The original in-game files aren't played at twice the speed, and my files are still played with the same spectral folding as the original files, and they still have that slight DC offset building up over time. Now I don't know much about IDA (and disassembling in general), and I don't have much time nor motivation to lose myself in such a task for hours...
kooz wrote:I may have misinterpreted what you were trying to say here, but I think you might be confused. The old analog line-in rip from 2001 suffers from the exact same frequency cutoff that my new digital rip does. Both rips use the game engine itself (which we have concluded is output at 22050Hz) as its source. Any appearance of higher frequency information in the original rip is byproduct of the analog signal transfer, or possibly an artifact of sample rate conversion.
If you study the ~11kHz threshold in spectral analysis, you'll notice that the higher frequencies appear to simply mirror the frequencies below.
That's right, exactly.

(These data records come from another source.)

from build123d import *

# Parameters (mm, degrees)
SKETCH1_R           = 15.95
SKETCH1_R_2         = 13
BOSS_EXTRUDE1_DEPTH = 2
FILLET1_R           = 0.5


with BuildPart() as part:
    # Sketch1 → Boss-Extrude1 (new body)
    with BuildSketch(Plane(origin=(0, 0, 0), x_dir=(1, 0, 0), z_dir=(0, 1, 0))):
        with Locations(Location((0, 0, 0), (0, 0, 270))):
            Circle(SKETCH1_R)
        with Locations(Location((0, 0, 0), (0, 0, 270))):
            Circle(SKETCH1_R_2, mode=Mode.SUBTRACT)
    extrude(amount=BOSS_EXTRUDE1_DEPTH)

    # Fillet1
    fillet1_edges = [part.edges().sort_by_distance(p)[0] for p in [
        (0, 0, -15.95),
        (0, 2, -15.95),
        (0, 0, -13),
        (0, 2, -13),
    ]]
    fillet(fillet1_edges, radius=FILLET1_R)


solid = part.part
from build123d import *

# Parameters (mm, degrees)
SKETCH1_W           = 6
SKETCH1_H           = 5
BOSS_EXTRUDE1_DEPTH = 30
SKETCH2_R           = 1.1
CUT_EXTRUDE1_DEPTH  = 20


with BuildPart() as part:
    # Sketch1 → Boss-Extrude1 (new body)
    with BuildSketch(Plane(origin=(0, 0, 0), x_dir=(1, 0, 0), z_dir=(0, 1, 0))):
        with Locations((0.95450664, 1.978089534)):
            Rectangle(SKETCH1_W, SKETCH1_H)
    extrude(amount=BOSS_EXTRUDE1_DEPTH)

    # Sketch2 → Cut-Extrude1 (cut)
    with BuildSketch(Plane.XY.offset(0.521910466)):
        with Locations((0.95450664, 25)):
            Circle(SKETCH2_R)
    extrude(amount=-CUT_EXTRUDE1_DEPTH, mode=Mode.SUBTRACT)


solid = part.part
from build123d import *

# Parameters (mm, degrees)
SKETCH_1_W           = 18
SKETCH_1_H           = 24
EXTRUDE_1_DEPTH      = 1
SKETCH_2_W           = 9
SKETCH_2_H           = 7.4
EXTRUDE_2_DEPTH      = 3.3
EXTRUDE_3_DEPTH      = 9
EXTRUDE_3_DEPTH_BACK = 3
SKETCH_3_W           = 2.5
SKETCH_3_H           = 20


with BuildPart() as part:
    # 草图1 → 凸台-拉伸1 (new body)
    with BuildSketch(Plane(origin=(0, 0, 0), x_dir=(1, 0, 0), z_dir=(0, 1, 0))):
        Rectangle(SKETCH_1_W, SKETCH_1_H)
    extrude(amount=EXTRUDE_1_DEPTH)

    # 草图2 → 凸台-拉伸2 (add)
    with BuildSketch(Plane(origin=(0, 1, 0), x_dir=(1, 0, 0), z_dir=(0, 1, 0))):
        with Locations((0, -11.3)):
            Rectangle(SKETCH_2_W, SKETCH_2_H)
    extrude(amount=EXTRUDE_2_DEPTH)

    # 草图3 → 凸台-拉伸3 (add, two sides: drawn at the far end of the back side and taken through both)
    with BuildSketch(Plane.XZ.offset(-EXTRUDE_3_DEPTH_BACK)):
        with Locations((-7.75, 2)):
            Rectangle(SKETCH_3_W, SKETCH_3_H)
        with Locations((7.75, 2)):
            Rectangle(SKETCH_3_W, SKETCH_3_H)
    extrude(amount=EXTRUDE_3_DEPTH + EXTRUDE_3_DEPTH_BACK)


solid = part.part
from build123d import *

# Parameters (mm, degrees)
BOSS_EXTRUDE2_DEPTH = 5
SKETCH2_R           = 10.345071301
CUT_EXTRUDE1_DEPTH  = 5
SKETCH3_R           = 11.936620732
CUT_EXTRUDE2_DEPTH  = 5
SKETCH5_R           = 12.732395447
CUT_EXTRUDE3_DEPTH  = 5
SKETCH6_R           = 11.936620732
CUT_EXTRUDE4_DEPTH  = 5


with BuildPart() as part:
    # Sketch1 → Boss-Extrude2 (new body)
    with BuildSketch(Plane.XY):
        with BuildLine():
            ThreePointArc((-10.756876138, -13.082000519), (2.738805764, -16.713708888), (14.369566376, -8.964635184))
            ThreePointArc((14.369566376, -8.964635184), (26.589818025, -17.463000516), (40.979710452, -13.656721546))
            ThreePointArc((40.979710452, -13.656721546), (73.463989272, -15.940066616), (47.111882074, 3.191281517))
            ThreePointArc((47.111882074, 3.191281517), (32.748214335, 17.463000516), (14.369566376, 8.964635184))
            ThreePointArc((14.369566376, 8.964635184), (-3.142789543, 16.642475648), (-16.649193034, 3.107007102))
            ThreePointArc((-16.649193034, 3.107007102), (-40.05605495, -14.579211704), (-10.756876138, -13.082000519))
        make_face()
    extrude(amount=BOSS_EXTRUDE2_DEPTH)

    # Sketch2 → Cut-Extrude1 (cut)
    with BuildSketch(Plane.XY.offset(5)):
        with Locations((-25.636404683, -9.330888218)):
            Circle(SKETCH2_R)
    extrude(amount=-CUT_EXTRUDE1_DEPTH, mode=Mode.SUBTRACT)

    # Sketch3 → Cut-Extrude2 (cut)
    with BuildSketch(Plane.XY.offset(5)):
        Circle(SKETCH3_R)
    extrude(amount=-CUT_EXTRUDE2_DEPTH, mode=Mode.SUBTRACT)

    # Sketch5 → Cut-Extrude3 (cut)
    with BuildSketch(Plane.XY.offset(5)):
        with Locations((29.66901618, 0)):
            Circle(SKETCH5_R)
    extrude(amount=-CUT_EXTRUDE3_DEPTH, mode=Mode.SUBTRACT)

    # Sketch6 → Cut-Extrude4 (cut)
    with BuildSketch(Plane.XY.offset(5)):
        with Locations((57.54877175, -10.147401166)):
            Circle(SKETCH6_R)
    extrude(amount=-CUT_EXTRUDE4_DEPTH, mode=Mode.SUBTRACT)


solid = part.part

Deton24, you don't seem to be aware of what the Shannon-Nyquist theorem (also known as the sampling theorem) has to do with aliasing, do you?
Basically, the interpolation method you choose when upsampling (eg. from 22k to 44k), or when converting to analog, will impact how much spectral folding there is in your audio (that "mirror" effect kooz is talking about). Zero-order hold ("stairsteps") causes strong mirroring -- and a big ringing effect (that's the principle of a bitcrusher, really) --, linear interpolation attenuates the effect, and with ideal sinc interpolation, you get no mirroring at all (or very little, depending on how many neighboring sample points you use).
But I might be a bit too technical for you.
The thing you have to keep in mind is, what you call "quality" is the fact that there are (or not) frequencies in the high-end of the spectrum. If you want to use the Crystalizer to strengthen the spectral folding under the assumption that it sounds better to you, then good for you. But that's not the "quality" we're looking for. We (as in, at least Droolie and I) are (or were, now that it's done) looking for a bit-perfect extraction of the soundtrack, which should show absolutely nothing in the spectrum above 11kHz (since they were sampled at 22kHz). The only frequencies we'd want above that threshold are the ones that got lost in the 44k > 22k resampling process, and which are irretrievable.
Anyway, I'm getting carried away. We've done awesome work, and I think there might be things left to dig.